**Aim of the exercise**
Return every line of the entries that includes the word "part".

**Data to use**

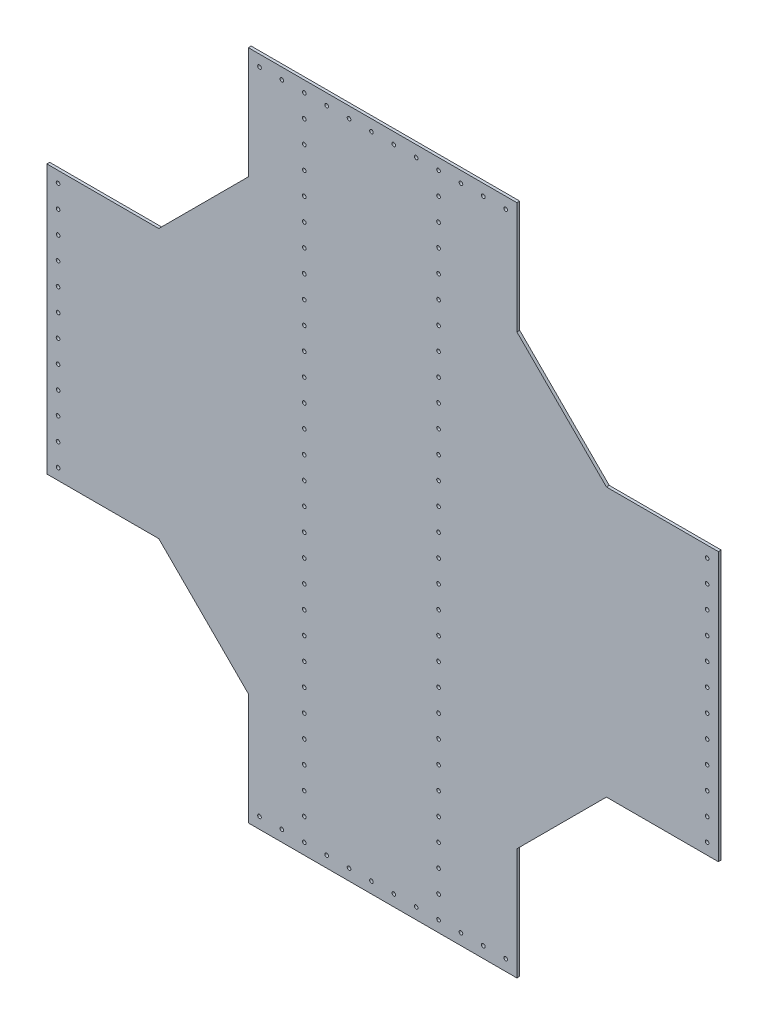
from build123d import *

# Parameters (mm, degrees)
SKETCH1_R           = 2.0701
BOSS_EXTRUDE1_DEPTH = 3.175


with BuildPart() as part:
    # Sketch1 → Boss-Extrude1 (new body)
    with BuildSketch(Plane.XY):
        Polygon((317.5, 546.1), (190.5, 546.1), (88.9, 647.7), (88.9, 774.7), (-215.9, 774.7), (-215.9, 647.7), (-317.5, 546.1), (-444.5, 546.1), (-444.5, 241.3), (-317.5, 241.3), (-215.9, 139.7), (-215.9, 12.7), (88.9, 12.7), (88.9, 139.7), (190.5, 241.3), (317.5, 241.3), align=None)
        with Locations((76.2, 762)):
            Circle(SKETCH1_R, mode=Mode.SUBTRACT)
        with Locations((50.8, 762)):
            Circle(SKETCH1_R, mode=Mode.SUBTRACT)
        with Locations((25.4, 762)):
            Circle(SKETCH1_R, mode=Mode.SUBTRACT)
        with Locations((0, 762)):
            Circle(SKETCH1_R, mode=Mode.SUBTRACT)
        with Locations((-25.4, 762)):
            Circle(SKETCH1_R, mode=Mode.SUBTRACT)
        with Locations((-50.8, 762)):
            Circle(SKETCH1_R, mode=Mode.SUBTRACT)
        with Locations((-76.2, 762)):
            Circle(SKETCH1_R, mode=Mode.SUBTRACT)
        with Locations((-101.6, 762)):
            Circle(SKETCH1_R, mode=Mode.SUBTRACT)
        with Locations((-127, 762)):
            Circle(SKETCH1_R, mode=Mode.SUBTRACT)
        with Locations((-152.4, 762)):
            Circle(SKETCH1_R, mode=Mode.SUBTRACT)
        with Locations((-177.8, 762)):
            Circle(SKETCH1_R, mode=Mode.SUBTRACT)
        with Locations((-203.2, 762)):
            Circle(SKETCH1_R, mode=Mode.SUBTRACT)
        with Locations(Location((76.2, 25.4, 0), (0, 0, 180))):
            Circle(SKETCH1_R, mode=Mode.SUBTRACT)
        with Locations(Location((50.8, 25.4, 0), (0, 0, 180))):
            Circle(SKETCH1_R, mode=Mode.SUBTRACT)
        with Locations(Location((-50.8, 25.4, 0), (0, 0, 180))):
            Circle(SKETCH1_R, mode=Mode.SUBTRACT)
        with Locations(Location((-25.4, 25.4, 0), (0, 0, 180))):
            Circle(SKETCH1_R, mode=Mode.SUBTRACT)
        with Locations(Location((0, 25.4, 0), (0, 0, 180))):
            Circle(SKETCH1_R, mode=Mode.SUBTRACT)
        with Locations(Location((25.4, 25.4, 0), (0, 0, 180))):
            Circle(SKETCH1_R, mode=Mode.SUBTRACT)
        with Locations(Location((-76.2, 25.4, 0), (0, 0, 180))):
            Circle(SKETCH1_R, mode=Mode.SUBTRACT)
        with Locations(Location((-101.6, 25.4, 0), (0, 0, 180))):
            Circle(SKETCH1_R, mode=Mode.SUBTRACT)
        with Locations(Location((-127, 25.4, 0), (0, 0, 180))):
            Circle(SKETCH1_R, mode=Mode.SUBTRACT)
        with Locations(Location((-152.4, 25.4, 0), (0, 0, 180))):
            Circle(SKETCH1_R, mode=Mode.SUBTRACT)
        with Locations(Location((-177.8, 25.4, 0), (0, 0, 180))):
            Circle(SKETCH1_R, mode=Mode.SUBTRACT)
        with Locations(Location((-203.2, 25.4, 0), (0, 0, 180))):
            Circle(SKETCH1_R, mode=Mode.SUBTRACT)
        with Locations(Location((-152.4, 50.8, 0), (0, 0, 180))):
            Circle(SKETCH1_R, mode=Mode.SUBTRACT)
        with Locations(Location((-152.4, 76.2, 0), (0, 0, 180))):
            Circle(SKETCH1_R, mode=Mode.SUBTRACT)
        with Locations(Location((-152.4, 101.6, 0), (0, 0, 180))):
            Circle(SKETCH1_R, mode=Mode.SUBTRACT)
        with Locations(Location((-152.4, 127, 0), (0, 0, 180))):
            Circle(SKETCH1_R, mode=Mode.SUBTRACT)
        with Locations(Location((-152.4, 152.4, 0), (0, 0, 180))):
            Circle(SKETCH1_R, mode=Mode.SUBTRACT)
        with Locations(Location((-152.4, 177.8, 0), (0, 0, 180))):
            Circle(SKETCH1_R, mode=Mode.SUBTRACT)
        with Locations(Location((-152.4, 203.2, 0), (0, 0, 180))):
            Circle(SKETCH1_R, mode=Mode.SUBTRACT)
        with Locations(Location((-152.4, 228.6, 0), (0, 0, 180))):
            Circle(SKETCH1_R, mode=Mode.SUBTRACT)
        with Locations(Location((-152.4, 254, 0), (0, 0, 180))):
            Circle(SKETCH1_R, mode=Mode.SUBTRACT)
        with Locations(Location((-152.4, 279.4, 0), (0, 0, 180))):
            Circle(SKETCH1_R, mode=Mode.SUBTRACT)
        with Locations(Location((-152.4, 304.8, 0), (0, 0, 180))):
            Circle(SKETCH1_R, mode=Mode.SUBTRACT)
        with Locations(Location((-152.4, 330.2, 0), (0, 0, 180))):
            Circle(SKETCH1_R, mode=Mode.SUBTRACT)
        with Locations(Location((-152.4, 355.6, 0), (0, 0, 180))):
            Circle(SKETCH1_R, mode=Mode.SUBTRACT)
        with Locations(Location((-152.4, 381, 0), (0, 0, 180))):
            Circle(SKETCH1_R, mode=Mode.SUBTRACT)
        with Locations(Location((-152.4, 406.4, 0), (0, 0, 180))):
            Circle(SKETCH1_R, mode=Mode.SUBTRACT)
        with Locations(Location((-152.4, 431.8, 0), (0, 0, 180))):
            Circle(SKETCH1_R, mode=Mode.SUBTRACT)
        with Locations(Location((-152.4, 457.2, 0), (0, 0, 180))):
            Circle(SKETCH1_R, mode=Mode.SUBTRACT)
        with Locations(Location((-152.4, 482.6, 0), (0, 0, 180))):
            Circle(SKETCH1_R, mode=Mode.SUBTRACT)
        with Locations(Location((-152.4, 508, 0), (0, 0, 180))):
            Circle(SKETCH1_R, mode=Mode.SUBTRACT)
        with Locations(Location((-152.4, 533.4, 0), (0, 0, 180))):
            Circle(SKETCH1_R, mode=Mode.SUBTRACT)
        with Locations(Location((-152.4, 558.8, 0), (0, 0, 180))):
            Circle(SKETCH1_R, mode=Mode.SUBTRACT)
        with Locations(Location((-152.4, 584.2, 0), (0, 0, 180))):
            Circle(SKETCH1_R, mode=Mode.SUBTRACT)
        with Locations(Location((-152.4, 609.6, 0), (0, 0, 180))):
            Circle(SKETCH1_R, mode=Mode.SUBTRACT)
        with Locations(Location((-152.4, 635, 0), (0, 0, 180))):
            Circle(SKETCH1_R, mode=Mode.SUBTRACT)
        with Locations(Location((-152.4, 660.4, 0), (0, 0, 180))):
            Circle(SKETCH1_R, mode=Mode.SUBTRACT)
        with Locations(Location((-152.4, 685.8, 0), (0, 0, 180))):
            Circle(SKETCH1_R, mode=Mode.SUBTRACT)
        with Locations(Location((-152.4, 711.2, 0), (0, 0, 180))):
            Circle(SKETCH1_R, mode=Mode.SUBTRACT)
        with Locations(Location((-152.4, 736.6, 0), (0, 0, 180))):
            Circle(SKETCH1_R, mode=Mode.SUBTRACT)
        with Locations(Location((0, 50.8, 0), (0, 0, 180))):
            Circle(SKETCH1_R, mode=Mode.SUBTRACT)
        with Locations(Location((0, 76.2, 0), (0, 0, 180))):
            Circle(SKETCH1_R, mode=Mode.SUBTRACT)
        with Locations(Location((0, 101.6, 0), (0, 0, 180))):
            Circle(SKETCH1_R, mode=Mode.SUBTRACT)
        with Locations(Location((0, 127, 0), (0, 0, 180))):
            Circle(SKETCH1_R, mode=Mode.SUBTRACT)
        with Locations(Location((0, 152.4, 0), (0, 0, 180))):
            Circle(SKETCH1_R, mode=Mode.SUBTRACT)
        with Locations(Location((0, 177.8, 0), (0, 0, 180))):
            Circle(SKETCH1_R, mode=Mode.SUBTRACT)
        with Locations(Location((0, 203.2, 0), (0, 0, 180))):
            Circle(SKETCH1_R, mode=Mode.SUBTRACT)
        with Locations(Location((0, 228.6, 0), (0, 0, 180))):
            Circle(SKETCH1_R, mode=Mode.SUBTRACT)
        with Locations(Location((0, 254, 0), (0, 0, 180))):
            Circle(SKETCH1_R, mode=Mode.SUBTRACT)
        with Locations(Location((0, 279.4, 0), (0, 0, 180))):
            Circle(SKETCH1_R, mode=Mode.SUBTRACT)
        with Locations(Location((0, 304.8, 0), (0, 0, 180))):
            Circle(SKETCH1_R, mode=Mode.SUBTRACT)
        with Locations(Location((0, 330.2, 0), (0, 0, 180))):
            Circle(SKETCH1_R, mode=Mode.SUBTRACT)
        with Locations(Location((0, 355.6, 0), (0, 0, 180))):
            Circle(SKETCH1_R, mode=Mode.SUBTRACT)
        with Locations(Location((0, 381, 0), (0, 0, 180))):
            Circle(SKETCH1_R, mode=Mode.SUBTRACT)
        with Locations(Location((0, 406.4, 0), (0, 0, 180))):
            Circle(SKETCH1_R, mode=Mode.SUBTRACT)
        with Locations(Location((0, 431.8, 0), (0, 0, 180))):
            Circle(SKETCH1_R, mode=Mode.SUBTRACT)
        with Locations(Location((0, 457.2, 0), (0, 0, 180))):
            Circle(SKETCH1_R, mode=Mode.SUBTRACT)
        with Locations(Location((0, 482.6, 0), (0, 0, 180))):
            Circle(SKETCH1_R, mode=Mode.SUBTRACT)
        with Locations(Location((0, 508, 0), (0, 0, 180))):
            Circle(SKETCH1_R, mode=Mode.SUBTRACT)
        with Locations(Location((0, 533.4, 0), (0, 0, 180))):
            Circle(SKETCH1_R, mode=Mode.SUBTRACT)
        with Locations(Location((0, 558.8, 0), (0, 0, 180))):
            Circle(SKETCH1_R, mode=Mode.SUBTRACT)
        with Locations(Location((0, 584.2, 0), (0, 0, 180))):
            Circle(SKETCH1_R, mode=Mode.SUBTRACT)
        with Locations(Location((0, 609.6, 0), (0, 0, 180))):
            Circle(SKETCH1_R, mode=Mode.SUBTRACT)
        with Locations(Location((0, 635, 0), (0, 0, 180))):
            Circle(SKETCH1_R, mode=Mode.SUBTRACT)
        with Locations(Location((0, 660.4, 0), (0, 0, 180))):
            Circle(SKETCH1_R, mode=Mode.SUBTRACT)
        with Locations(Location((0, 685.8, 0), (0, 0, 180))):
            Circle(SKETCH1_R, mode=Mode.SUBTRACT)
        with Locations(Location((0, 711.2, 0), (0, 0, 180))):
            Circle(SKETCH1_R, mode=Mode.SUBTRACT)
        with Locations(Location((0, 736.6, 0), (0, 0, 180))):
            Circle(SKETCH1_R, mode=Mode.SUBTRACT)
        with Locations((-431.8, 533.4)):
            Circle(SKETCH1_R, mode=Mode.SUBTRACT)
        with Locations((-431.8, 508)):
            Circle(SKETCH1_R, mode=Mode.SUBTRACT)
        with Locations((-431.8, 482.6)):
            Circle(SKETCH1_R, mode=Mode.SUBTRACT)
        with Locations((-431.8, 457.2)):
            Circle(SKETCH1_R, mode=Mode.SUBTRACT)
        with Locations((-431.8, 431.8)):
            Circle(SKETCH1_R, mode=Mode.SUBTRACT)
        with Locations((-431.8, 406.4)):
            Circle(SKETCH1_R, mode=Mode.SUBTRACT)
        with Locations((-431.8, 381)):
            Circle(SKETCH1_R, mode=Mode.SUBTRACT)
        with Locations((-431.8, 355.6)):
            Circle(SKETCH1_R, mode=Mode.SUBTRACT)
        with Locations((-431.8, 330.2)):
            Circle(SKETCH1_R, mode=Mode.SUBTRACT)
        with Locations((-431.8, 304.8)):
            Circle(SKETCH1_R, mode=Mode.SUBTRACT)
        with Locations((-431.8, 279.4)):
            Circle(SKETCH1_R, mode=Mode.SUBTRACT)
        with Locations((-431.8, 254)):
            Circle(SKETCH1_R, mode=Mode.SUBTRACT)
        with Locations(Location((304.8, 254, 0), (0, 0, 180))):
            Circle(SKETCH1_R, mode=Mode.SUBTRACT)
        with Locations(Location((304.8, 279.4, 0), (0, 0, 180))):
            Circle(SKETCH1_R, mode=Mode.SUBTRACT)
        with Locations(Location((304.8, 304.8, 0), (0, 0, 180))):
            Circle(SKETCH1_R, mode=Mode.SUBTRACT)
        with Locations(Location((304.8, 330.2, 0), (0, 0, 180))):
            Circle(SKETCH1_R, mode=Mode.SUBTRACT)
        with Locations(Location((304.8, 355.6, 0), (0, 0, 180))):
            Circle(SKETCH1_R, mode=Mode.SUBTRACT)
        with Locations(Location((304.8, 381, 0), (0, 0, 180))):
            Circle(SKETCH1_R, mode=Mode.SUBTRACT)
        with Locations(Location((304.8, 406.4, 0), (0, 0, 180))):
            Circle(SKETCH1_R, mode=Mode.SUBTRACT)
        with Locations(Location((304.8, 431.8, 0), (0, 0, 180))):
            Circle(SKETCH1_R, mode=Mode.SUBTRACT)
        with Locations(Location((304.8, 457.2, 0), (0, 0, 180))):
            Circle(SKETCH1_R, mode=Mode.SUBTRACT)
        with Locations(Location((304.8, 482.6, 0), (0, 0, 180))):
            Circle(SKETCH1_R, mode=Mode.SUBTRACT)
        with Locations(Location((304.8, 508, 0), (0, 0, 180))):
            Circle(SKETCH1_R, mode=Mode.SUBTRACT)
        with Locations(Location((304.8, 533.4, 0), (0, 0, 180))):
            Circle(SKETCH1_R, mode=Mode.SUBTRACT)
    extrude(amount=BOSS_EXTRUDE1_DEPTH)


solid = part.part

**Response for this exercise**
with BuildPart() as part:
solid = part.part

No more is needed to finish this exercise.